First and foremost, a C-G distribution model, or a μ–Λ relationship, as introduced in Zhang et al. (2001, 2003) and improved in Cao et al. (2008), describes curves that pass through clusters of points. Each curve is a “best fit” curve that minimizes a mathematical constraint, represents a family of gamma DSDs, passes through the cluster of points, and is presented—in Zhang et al. (2001, 2003) and Cao et al. (2008)—without error bars or uncertainties. On the one hand, if these papers had included error bars along with their best-fit curves, then Williams et al. (2014) may not have been written or may not have passed the peer-review process. On the other hand, since these papers assumed that DSDs are described with gamma distributions and did not provide uncertainty estimates for their best-fit curves, Williams et al. (2014) presented, first, a method to estimate best-fit curves through physically meaningful DSD quantities (e.g., σ_m and D_m) that are not constrained to follow gamma distributions and, second, a method to deviate away from these best-fit curves that uses the concept of joint probability distribution functions (joint PDFs).

In Williams et al. (2014), the first analysis step estimated a best-fit curve that passed through a cluster of points without assuming a functional form of the DSD. If the best-fit curve was constrained to conform to a gamma distribution and the analysis was stopped at this point, then the work of Williams et al. (2014) would conceptually be similar to the work presented in Zhang et al. (2001, 2003) and Cao et al. (2008) with regard to fitting a curve through a cluster of points while assuming gamma-shaped DSDs. The innovation presented in Williams et al. (2014), however, starts after estimating an unconstrained best-fit curve through a cluster of points by quantifying how to deviate from that best-fit curve by using joint PDFs.

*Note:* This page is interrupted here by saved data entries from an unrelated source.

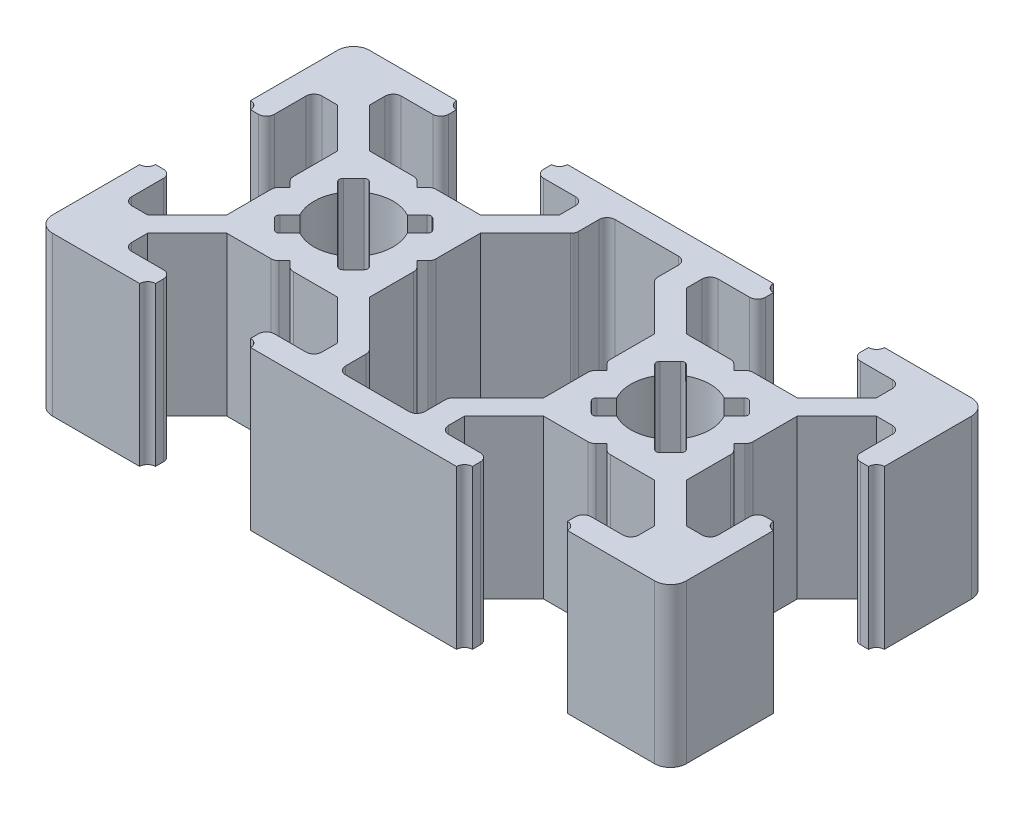
SolidWorks part; units mm, degrees
ref_plane "Front Plane" through (0, 0, 0) normal (0, 0, 1) x (1, 0, 0)
ref_plane "Top Plane" through (0, 0, 0) normal (0, 1, 0) x (1, 0, 0)
ref_plane "Right Plane" through (0, 0, 0) normal (1, 0, 0) x (0, 0, -1)
sketch "Sketch2" plane through (0, 0, 0) normal (0, 1, 0) x (1, 0, 0)
  line L0 (0, 13) -> (1.5, 13)
  line L1 (0, 0) -> (40, 0)
  line L2 (0, 0) -> (0, 20)
  line L3 (0, 20) -> (40, 20)
  line L4 (40, 0) -> (40, 20)
  line L9 (5.5, 6.5) -> (3, 4)
  line L10 (3, 4) -> (1.5, 4)
  line L11 (1.5, 4) -> (1.5, 7)
  line L12 (1.5, 7) -> (0, 7)
  line L13 (0, 7) -> (0, 13)
  line L14 (1.5, 13) -> (1.5, 16)
  line L15 (1.5, 16) -> (3, 16)
  line L16 (3, 16) -> (5.5, 13.5)
  line L17 (5.5, 10.5) -> (6, 10)
  line L18 (6, 10) -> (5.5, 9.5)
  line L19 (5.5, 9.5) -> (5.5, 10.5)
  line L20 (20, 20) -> (20, 0) construction
  line L31 (7, 18.5) -> (7, 20)
  line L32 (7, 18.5) -> (4, 18.5)
  line L33 (4, 18.5) -> (4, 17)
  line L34 (4, 17) -> (6.5, 14.5)
  line L38 (16, 18.5) -> (13, 18.5)
  line L39 (13, 18.5) -> (13, 20)
  line L40 (7, 20) -> (13, 20)
  line L41 (16, 18.5) -> (16, 17)
  line L42 (16, 17) -> (13.5, 14.5)
  line L53 (0, 10) -> (40, 10) construction
  line L89 (17.5, 18.5) -> (22.5, 18.5)
  line L90 (22.5, 18.5) -> (22.5, 16.5)
  line L91 (22.5, 16.5) -> (25.5, 13.5)
  line L92 (25.5, 13.5) -> (25.5, 6.5)
  line L93 (25.5, 6.5) -> (22.5, 3.5)
  line L94 (22.5, 3.5) -> (22.5, 1.5)
  line L95 (22.5, 1.5) -> (17.5, 1.5)
  line L96 (17.5, 1.5) -> (17.5, 3.5)
  line L97 (17.5, 3.5) -> (14.5, 6.5)
  line L98 (14.5, 6.5) -> (14.5, 13.5)
  line L99 (14.5, 13.5) -> (17.5, 16.5)
  line L100 (17.5, 16.5) -> (17.5, 18.5)
  line L102 (5.5, 13.5) -> (5.5, 10)
  line L103 (5.5, 10) -> (5.5, 6.5)
  line L104 (13.5, 14.5) -> (10, 14.5)
  line L105 (10, 14.5) -> (6.5, 14.5)
  line L106 (14.5, 10.5) -> (14.5, 9.5)
  line L107 (14.5, 9.5) -> (14, 10)
  line L108 (14, 10) -> (14.5, 10.5)
  line L109 (7, 18.5) -> (13, 18.5) construction
  line L110 (9.5, 14.5) -> (10.5, 14.5)
  line L111 (10.5, 14.5) -> (10, 14)
  line L112 (10, 14) -> (9.5, 14.5)
  line L113 (10.5, 5.5) -> (10, 6)
  line L114 (9.5, 5.5) -> (10.5, 5.5)
  line L115 (10, 6) -> (9.5, 5.5)
  line L116 (13.5, 5.5) -> (10, 5.5)
  line L117 (16, 3) -> (13.5, 5.5)
  line L118 (16, 1.5) -> (16, 3)
  line L119 (16, 1.5) -> (13, 1.5)
  line L120 (13, 1.5) -> (13, 0)
  line L121 (7, 0) -> (13, 0)
  line L122 (7, 1.5) -> (7, 0)
  line L123 (7, 1.5) -> (4, 1.5)
  line L124 (4, 1.5) -> (4, 3)
  line L125 (4, 3) -> (6.5, 5.5)
  line L126 (10, 5.5) -> (6.5, 5.5)
  line L127 (30.5, 5.5) -> (29.5, 5.5)
  line L128 (30, 6) -> (30.5, 5.5)
  line L129 (29.5, 5.5) -> (30, 6)
  line L130 (24, 3) -> (26.5, 5.5)
  line L131 (24, 1.5) -> (24, 3)
  line L132 (24, 1.5) -> (27, 1.5)
  line L133 (27, 1.5) -> (27, 0)
  line L134 (33, 0) -> (27, 0)
  line L135 (33, 1.5) -> (33, 0)
  line L136 (33, 1.5) -> (36, 1.5)
  line L137 (36, 1.5) -> (36, 3)
  line L138 (36, 3) -> (33.5, 5.5)
  line L139 (30, 5.5) -> (33.5, 5.5)
  line L140 (26.5, 5.5) -> (30, 5.5)
  line L141 (34, 10) -> (34.5, 9.5)
  line L142 (34.5, 10.5) -> (34, 10)
  line L143 (34.5, 9.5) -> (34.5, 10.5)
  line L144 (34.5, 13.5) -> (34.5, 10)
  line L145 (37, 16) -> (34.5, 13.5)
  line L146 (38.5, 16) -> (37, 16)
  line L147 (38.5, 13) -> (38.5, 16)
  line L148 (40, 13) -> (38.5, 13)
  line L149 (40, 7) -> (40, 13)
  line L150 (38.5, 7) -> (40, 7)
  line L151 (38.5, 4) -> (38.5, 7)
  line L152 (37, 4) -> (38.5, 4)
  line L153 (34.5, 6.5) -> (37, 4)
  line L154 (34.5, 10) -> (34.5, 6.5)
  line L155 (29.5, 14.5) -> (30, 14)
  line L156 (30.5, 14.5) -> (29.5, 14.5)
  line L157 (30, 14) -> (30.5, 14.5)
  line L158 (26.5, 14.5) -> (30, 14.5)
  line L159 (24, 17) -> (26.5, 14.5)
  line L160 (24, 18.5) -> (24, 17)
  line L161 (24, 18.5) -> (27, 18.5)
  line L162 (27, 18.5) -> (27, 20)
  line L163 (33, 20) -> (27, 20)
  line L164 (33, 18.5) -> (33, 20)
  line L165 (33, 18.5) -> (36, 18.5)
  line L166 (36, 18.5) -> (36, 17)
  line L167 (36, 17) -> (33.5, 14.5)
  line L168 (30, 14.5) -> (33.5, 14.5)
  line L169 (13.5, 14.5) -> (14.5, 13.5) construction
  line L170 (5.5, 6.5) -> (6.5, 5.5) construction
  line L171 (6.5, 14.5) -> (5.5, 13.5) construction
  line L172 (14.5, 6.5) -> (13.5, 5.5) construction
  line L173 (14.5, 10.5) -> (10.5, 14.5) construction
  line L174 (10.5, 5.5) -> (14.5, 9.5) construction
  line L175 (9.5, 5.5) -> (5.5, 9.5) construction
  line L176 (5.5, 10.5) -> (9.5, 14.5) construction
  line L177 (12, 13) -> (13, 12)
  line L178 (13, 12) -> (8, 7)
  line L179 (8, 7) -> (7, 8)
  line L180 (7, 8) -> (12, 13)
  line L181 (8, 13) -> (13, 8)
  line L182 (13, 8) -> (12, 7)
  line L183 (12, 7) -> (7, 12)
  line L184 (7, 12) -> (8, 13)
  line L185 (28, 7) -> (33, 12)
  line L186 (27, 8) -> (28, 7)
  line L187 (32, 13) -> (27, 8)
  line L188 (33, 12) -> (32, 13)
  line L189 (32, 7) -> (33, 8)
  line L190 (27, 12) -> (32, 7)
  line L191 (28, 13) -> (27, 12)
  line L192 (33, 8) -> (28, 13)
  line L193 (13.5, 20) -> (13, 20)
  line L194 (13, 19.5) -> (13, 20)
  line L195 (6.5, 20) -> (7, 20)
  line L196 (0, 13.5) -> (0, 13)
  line L197 (0.25, 7) -> (0, 7)
  line L198 (7, 19.5) -> (7, 20)
  line L199 (0.25, 7) -> (0, 7)
  line L200 (33, 19.5) -> (33, 20)
  line L201 (33.5, 20) -> (33, 20)
  line L202 (27, 19.5) -> (27, 20)
  line L203 (26.5, 20) -> (27, 20)
  line L204 (33, 0.5) -> (33, 0)
  line L205 (33.5, 0) -> (33, 0)
  line L206 (27, 0.5) -> (27, 0)
  line L207 (26.5, 0) -> (27, 0)
  line L208 (13, 0.5) -> (13, 0)
  line L209 (13.5, 0) -> (13, 0)
  line L210 (7, 0.5) -> (7, 0)
  line L211 (6.5, 0) -> (7, 0)
  line L212 (0.5, 13) -> (0, 13)
  line L213 (0, 6.75) -> (0, 7)
  line L214 (0, 6.75) -> (0, 7)
  line L215 (0, 7) -> (0.25, 7)
  line L216 (0, 6.5) -> (0, 7)
  line L217 (0, 7) -> (0.5, 7)
  line L218 (39.5, 13) -> (40, 13)
  line L219 (40, 13.5) -> (40, 13)
  line L220 (40, 6.5) -> (40, 7)
  line L221 (40, 7) -> (39.5, 7)
  line L222 (25.5, 9.5) -> (26, 10)
  line L223 (25.5, 10.5) -> (25.5, 9.5)
  line L224 (26, 10) -> (25.5, 10.5)
  circle A0 centre (10, 10) radius 2.5
  circle A1 centre (30, 10) radius 2.5
  arc A2 (13.5, 20) -> (13, 19.5) centre (13, 20) cw
  arc A3 (7, 19.5) -> (6.5, 20) centre (7, 20) cw
  arc A4 (0.5, 13) -> (0, 13.5) centre (0, 13) ccw
  arc A5 (0.5, 7) -> (0, 6.5) centre (0, 7) cw
  arc A6 (33, 19.5) -> (33.5, 20) centre (33, 20) ccw
  arc A7 (26.5, 20) -> (27, 19.5) centre (27, 20) ccw
  arc A8 (33, 0.5) -> (33.5, 0) centre (33, 0) cw
  arc A9 (26.5, 0) -> (27, 0.5) centre (27, 0) cw
  arc A10 (13.5, 0) -> (13, 0.5) centre (13, 0) ccw
  arc A11 (7, 0.5) -> (6.5, 0) centre (7, 0) ccw
  arc A12 (39.5, 13) -> (40, 13.5) centre (40, 13) cw
  arc A13 (39.5, 7) -> (40, 6.5) centre (40, 7) ccw
  point P19 (20, 10)
  point P103 (14.5, 10)
  dimension "D31" = 5
  dimension "D32" = 0.5
  dimension "D33" = 0.5
  dimension "D34" = 0.5
  dimension "D35" = 0.5
  dimension "D1" = 40
  dimension "D2" = 20
  dimension "D3" = 7
  dimension "D4" = 7
  dimension "D5" = 1.5
  dimension "D6" = 1.5
  dimension "D7" = 3.5
  dimension "D8" = 1.5
  dimension "D9" = 1.5
  dimension "D10" = 3
  dimension "D11" = 3
  dimension "D12" = 3.5
  dimension "D13" = 0.5
  dimension "D14" = 0.5
  dimension "D15" = 7
  dimension "D16" = 6
  dimension "D17" = 1.5
  dimension "D18" = 1.5
  dimension "D19" = 3
  dimension "D20" = 3
  dimension "D21" = 0.5
  dimension "D22" = 1.5
  dimension "D23" = 5.5
  dimension "D24" = 0.5
  dimension "D25" = 0.5
  dimension "D26" = 1.5
  dimension "D27" = 1.5
  dimension "D28" = 2
  dimension "D29" = 2
  dimension "D30" = 0.5
extrude "Boss-Extrude1" add sketch "Sketch2" along normal blind 10 contours L168 L157 L155 L158 L159 L160 L161 L162 L3 L39 L38 L41 L42 L104 L111 L112 L105 L34 L33 L32 L31 L2 L0 L14 L15 L16 L102 L17 L18 L103 L9 L10 L11 L12 L1 L122 L123 L124 L125 L126 L115 L113 L116 L117 L118 L119 L120 L133
fillet "Fillet1" radius 1 4 edges at (40, 5, -20) (40, 5, 0) (0, 5, 0) (0, 5, -20)
fillet "Fillet2" radius 0.5 6 edges at (13, 5, -18.5) (16, 5, -18.5) (10.5, 5, -14.5) (9.5, 5, -14.5) (4, 5, -18.5) (7, 5, -18.5)
fillet "Fillet3" radius 0.25 8 edges at (8, 5, -7) (7, 5, -8) (12, 5, -7) (13, 5, -8) (13, 5, -12) (12, 5, -13) (7, 5, -12) (8, 5, -13)
fillet "Fillet5" radius 0.25 8 edges at (27, 5, -8) (28, 5, -7) (32, 5, -7) (33, 5, -8) (33, 5, -12) (32, 5, -13) (27, 5, -12) (28, 5, -13)
fillet "Fillet6" radius 0.5 30 edges at (36, 5, -18.5) (33, 5, -18.5) (30.5, 5, -14.5) (29.5, 5, -14.5) (24, 5, -18.5) (27, 5, -18.5) (38.5, 5, -4) (38.5, 5, -7) (34.5, 5, -9.5) (34.5, 5, -10.5) (38.5, 5, -16) (38.5, 5, -13) (24, 5, -1.5) (27, 5, -1.5) (29.5, 5, -5.5) (30.5, 5, -5.5) (36, 5, -1.5) (33, 5, -1.5) (4, 5, -1.5) (7, 5, -1.5) (9.5, 5, -5.5) (10.5, 5, -5.5) (16, 5, -1.5) (13, 5, -1.5) (5.5, 5, -10.5) (5.5, 5, -9.5) (1.5, 5, -4) (1.5, 5, -7) (1.5, 5, -16) (1.5, 5, -13)
fillet "Fillet7" radius 0.5 8 edges at (22.5, 5, -3.5) (22.5, 5, -1.5) (17.5, 5, -3.5) (17.5, 5, -1.5) (17.5, 5, -16.5) (22.5, 5, -16.5) (22.5, 5, -18.5) (17.5, 5, -18.5)
fillet "Fillet8" radius 0.5 4 edges at (25.5, 5, -9.5) (25.5, 5, -10.5) (14.5, 5, -9.5) (14.5, 5, -10.5)

The concept of joint PDFs is visually expressed in Fig. 1, with Figs. 1a–c containing the same information that is contained in Figs. 5c, 6a, and 6c, respectively, of Williams et al. (2014) except that the joint PDFs are shown with box-and-whisker symbols rather than free-flowing curves. The white, red, and blue dots represent discrete values of the best-fit curve passing through the cluster of points for individual values of D_m. The box-and-whisker lines represent how the data deviate away from the best-fit curve, with the thick lines representing ±1 standard deviation and the thin lines representing the 5th and 95th percentiles. It is important to note that Figs. 1a and 1b show “distribution free” relationships that are based on observed DSD moments without assuming a functional form of the DSD shape. After it was concluded that a family of gamma distributions could represent the DSD shape [see p. 1289 in Williams et al. (2014) for more details], raw observations were mapped into the gamma parameter space of (μ, D_m) shown in Fig. 1c by using Ulbrich (1983) nontruncated gamma-distribution transformation equations. The graphics in Figs. 1a–c illustrate an important message of Williams et al. (2014)—namely, that, given a value of D_m, the dots represent the expected value of , σ_m, and μ and the box-and-whisker lines represent how the data deviate away from the expected value.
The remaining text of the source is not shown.